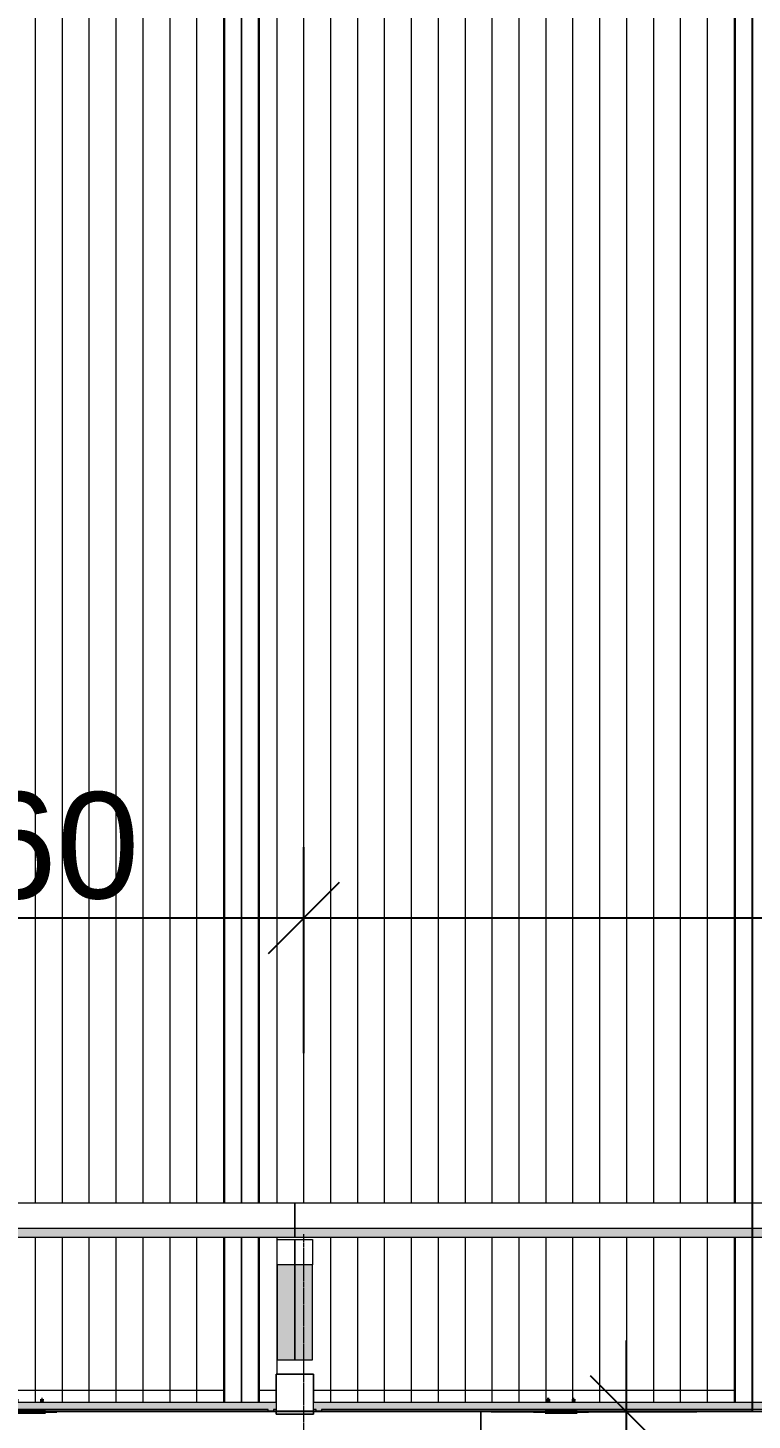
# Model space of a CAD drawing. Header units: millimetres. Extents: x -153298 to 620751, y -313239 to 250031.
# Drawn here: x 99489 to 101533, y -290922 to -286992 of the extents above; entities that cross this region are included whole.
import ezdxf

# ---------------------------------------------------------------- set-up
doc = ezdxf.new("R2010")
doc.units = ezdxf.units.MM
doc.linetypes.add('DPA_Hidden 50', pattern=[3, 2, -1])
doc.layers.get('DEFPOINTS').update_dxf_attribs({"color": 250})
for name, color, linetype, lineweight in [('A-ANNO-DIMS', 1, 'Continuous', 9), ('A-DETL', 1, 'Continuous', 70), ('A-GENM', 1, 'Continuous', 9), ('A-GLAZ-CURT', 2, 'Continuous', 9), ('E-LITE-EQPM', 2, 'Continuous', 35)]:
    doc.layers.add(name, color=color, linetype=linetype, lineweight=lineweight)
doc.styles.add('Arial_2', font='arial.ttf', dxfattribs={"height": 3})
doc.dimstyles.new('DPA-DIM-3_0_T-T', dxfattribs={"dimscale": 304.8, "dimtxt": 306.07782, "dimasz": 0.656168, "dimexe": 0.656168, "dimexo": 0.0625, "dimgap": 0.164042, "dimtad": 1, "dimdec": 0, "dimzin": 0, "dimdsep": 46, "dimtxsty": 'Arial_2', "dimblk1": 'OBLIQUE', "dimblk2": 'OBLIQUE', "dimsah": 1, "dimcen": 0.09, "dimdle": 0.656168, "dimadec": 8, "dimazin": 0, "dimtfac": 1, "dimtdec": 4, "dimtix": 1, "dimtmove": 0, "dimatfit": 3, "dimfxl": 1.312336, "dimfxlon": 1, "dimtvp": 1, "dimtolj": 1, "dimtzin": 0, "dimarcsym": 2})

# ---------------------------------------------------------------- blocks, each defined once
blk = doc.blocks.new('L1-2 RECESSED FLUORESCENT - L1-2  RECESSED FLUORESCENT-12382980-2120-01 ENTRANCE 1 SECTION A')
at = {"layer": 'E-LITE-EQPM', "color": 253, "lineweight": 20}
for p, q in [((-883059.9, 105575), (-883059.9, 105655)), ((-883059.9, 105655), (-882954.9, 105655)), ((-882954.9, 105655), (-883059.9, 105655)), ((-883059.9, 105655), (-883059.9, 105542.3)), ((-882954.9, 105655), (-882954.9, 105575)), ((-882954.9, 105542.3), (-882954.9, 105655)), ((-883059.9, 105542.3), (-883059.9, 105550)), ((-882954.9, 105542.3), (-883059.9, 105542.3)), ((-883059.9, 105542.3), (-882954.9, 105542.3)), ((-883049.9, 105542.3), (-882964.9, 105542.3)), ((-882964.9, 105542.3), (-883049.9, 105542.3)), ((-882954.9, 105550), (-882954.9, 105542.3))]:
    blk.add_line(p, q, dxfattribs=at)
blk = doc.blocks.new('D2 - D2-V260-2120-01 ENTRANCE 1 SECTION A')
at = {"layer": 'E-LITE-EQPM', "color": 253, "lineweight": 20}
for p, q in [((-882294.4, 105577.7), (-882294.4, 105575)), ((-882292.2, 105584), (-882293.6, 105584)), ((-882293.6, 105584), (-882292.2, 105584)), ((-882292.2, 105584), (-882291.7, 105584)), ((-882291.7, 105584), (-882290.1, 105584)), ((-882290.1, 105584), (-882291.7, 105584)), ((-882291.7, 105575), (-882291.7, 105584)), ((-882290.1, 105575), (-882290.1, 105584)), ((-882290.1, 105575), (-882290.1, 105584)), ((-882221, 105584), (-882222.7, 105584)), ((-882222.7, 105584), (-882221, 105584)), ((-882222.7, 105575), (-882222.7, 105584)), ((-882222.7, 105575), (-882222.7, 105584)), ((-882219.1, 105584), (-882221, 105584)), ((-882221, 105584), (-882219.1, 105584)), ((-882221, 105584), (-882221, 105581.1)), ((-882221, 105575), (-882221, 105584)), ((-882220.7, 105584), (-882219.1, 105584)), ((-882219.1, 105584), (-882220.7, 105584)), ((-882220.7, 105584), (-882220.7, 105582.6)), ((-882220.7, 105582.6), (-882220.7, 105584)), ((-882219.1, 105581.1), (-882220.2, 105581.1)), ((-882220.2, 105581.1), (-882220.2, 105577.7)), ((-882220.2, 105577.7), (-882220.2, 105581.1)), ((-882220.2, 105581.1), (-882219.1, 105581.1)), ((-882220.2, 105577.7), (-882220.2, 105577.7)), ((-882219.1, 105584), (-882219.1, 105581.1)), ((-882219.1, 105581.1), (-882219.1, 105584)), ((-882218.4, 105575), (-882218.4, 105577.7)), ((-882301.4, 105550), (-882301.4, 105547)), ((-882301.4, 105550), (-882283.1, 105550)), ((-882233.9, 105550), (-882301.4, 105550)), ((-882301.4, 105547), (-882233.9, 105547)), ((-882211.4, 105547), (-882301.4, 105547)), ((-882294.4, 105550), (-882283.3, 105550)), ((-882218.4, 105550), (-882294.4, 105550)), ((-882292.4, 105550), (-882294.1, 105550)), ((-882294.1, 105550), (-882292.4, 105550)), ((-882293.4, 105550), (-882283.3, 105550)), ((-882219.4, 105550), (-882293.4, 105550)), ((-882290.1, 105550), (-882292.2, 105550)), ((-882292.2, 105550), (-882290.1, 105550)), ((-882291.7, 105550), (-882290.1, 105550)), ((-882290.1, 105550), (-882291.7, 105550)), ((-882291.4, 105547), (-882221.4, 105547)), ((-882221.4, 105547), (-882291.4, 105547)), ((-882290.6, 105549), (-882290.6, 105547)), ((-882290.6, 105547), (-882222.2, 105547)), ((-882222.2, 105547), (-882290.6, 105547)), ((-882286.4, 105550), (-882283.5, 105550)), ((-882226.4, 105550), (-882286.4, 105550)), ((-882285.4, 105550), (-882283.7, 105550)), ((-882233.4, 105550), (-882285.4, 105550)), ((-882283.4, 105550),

### Work item
Could the material above be given again exactly, pictures excluded?

### Written answer
# Model space of a CAD drawing. Header units: millimetres. Extents: x -153298 to 620751, y -313239 to 250031.
# Drawn here: x 99489 to 101533, y -290922 to -286992 of the extents above; entities that cross this region are included whole.
import ezdxf

# ---------------------------------------------------------------- set-up
doc = ezdxf.new("R2010")
doc.units = ezdxf.units.MM
doc.linetypes.add('DPA_Hidden 50', pattern=[3, 2, -1])
doc.layers.get('DEFPOINTS').update_dxf_attribs({"color": 250})
for name, color, linetype, lineweight in [('A-ANNO-DIMS', 1, 'Continuous', 9), ('A-DETL', 1, 'Continuous', 70), ('A-GENM', 1, 'Continuous', 9), ('A-GLAZ-CURT', 2, 'Continuous', 9), ('E-LITE-EQPM', 2, 'Continuous', 35)]:
    doc.layers.add(name, color=color, linetype=linetype, lineweight=lineweight)
doc.styles.add('Arial_2', font='arial.ttf', dxfattribs={"height": 3})
doc.dimstyles.new('DPA-DIM-3_0_T-T', dxfattribs={"dimscale": 304.8, "dimtxt": 306.07782, "dimasz": 0.656168, "dimexe": 0.656168, "dimexo": 0.0625, "dimgap": 0.164042, "dimtad": 1, "dimdec": 0, "dimzin": 0, "dimdsep": 46, "dimtxsty": 'Arial_2', "dimblk1": 'OBLIQUE', "dimblk2": 'OBLIQUE', "dimsah": 1, "dimcen": 0.09, "dimdle": 0.656168, "dimadec": 8, "dimazin": 0, "dimtfac": 1, "dimtdec": 4, "dimtix": 1, "dimtmove": 0, "dimatfit": 3, "dimfxl": 1.312336, "dimfxlon": 1, "dimtvp": 1, "dimtolj": 1, "dimtzin": 0, "dimarcsym": 2})

# ---------------------------------------------------------------- blocks, each defined once
blk = doc.blocks.new('L1-2 RECESSED FLUORESCENT - L1-2  RECESSED FLUORESCENT-12382980-2120-01 ENTRANCE 1 SECTION A')
at = {"layer": 'E-LITE-EQPM', "color": 253, "lineweight": 20}
for p, q in [((-883059.9, 105575), (-883059.9, 105655)), ((-883059.9, 105655), (-882954.9, 105655)), ((-882954.9, 105655), (-883059.9, 105655)), ((-883059.9, 105655), (-883059.9, 105542.3)), ((-882954.9, 105655), (-882954.9, 105575)), ((-882954.9, 105542.3), (-882954.9, 105655)), ((-883059.9, 105542.3), (-883059.9, 105550)), ((-882954.9, 105542.3), (-883059.9, 105542.3)), ((-883059.9, 105542.3), (-882954.9, 105542.3)), ((-883049.9, 105542.3), (-882964.9, 105542.3)), ((-882964.9, 105542.3), (-883049.9, 105542.3)), ((-882954.9, 105550), (-882954.9, 105542.3))]:
    blk.add_line(p, q, dxfattribs=at)
blk = doc.blocks.new('D2 - D2-V260-2120-01 ENTRANCE 1 SECTION A')
at = {"layer": 'E-LITE-EQPM', "color": 253, "lineweight": 20}
for p, q in [((-882294.4, 105577.7), (-882294.4, 105575)), ((-882292.2, 105584), (-882293.6, 105584)), ((-882293.6, 105584), (-882292.2, 105584)), ((-882292.2, 105584), (-882291.7, 105584)), ((-882291.7, 105584), (-882290.1, 105584)), ((-882290.1, 105584), (-882291.7, 105584)), ((-882291.7, 105575), (-882291.7, 105584)), ((-882290.1, 105575), (-882290.1, 105584)), ((-882290.1, 105575), (-882290.1, 105584)), ((-882221, 105584), (-882222.7, 105584)), ((-882222.7, 105584), (-882221, 105584)), ((-882222.7, 105575), (-882222.7, 105584)), ((-882222.7, 105575), (-882222.7, 105584)), ((-882219.1, 105584), (-882221, 105584)), ((-882221, 105584), (-882219.1, 105584)), ((-882221, 105584), (-882221, 105581.1)), ((-882221, 105575), (-882221, 105584)), ((-882220.7, 105584), (-882219.1, 105584)), ((-882219.1, 105584), (-882220.7, 105584)), ((-882220.7, 105584), (-882220.7, 105582.6)), ((-882220.7, 105582.6), (-882220.7, 105584)), ((-882219.1, 105581.1), (-882220.2, 105581.1)), ((-882220.2, 105581.1), (-882220.2, 105577.7)), ((-882220.2, 105577.7), (-882220.2, 105581.1)), ((-882220.2, 105581.1), (-882219.1, 105581.1)), ((-882220.2, 105577.7), (-882220.2, 105577.7)), ((-882219.1, 105584), (-882219.1, 105581.1)), ((-882219.1, 105581.1), (-882219.1, 105584)), ((-882218.4, 105575), (-882218.4, 105577.7)), ((-882301.4, 105550), (-882301.4, 105547)), ((-882301.4, 105550), (-882283.1, 105550)), ((-882233.9, 105550), (-882301.4, 105550)), ((-882301.4, 105547), (-882233.9, 105547)), ((-882211.4, 105547), (-882301.4, 105547)), ((-882294.4, 105550), (-882283.3, 105550)), ((-882218.4, 105550), (-882294.4, 105550)), ((-882292.4, 105550), (-882294.1, 105550)), ((-882294.1, 105550), (-882292.4, 105550)), ((-882293.4, 105550), (-882283.3, 105550)), ((-882219.4, 105550), (-882293.4, 105550)), ((-882290.1, 105550), (-882292.2, 105550)), ((-882292.2, 105550), (-882290.1, 105550)), ((-882291.7, 105550), (-882290.1, 105550)), ((-882290.1, 105550), (-882291.7, 105550)), ((-882291.4, 105547), (-882221.4, 105547)), ((-882221.4, 105547), (-882291.4, 105547)), ((-882290.6, 105549), (-882290.6, 105547)), ((-882290.6, 105547), (-882222.2, 105547)), ((-882222.2, 105547), (-882290.6, 105547)), ((-882286.4, 105550), (-882283.5, 105550)), ((-882226.4, 105550), (-882286.4, 105550)), ((-882285.4, 105550), (-882283.7, 105550)), ((-882233.4, 105550), (-882285.4, 105550)), ((-882283.4, 105550),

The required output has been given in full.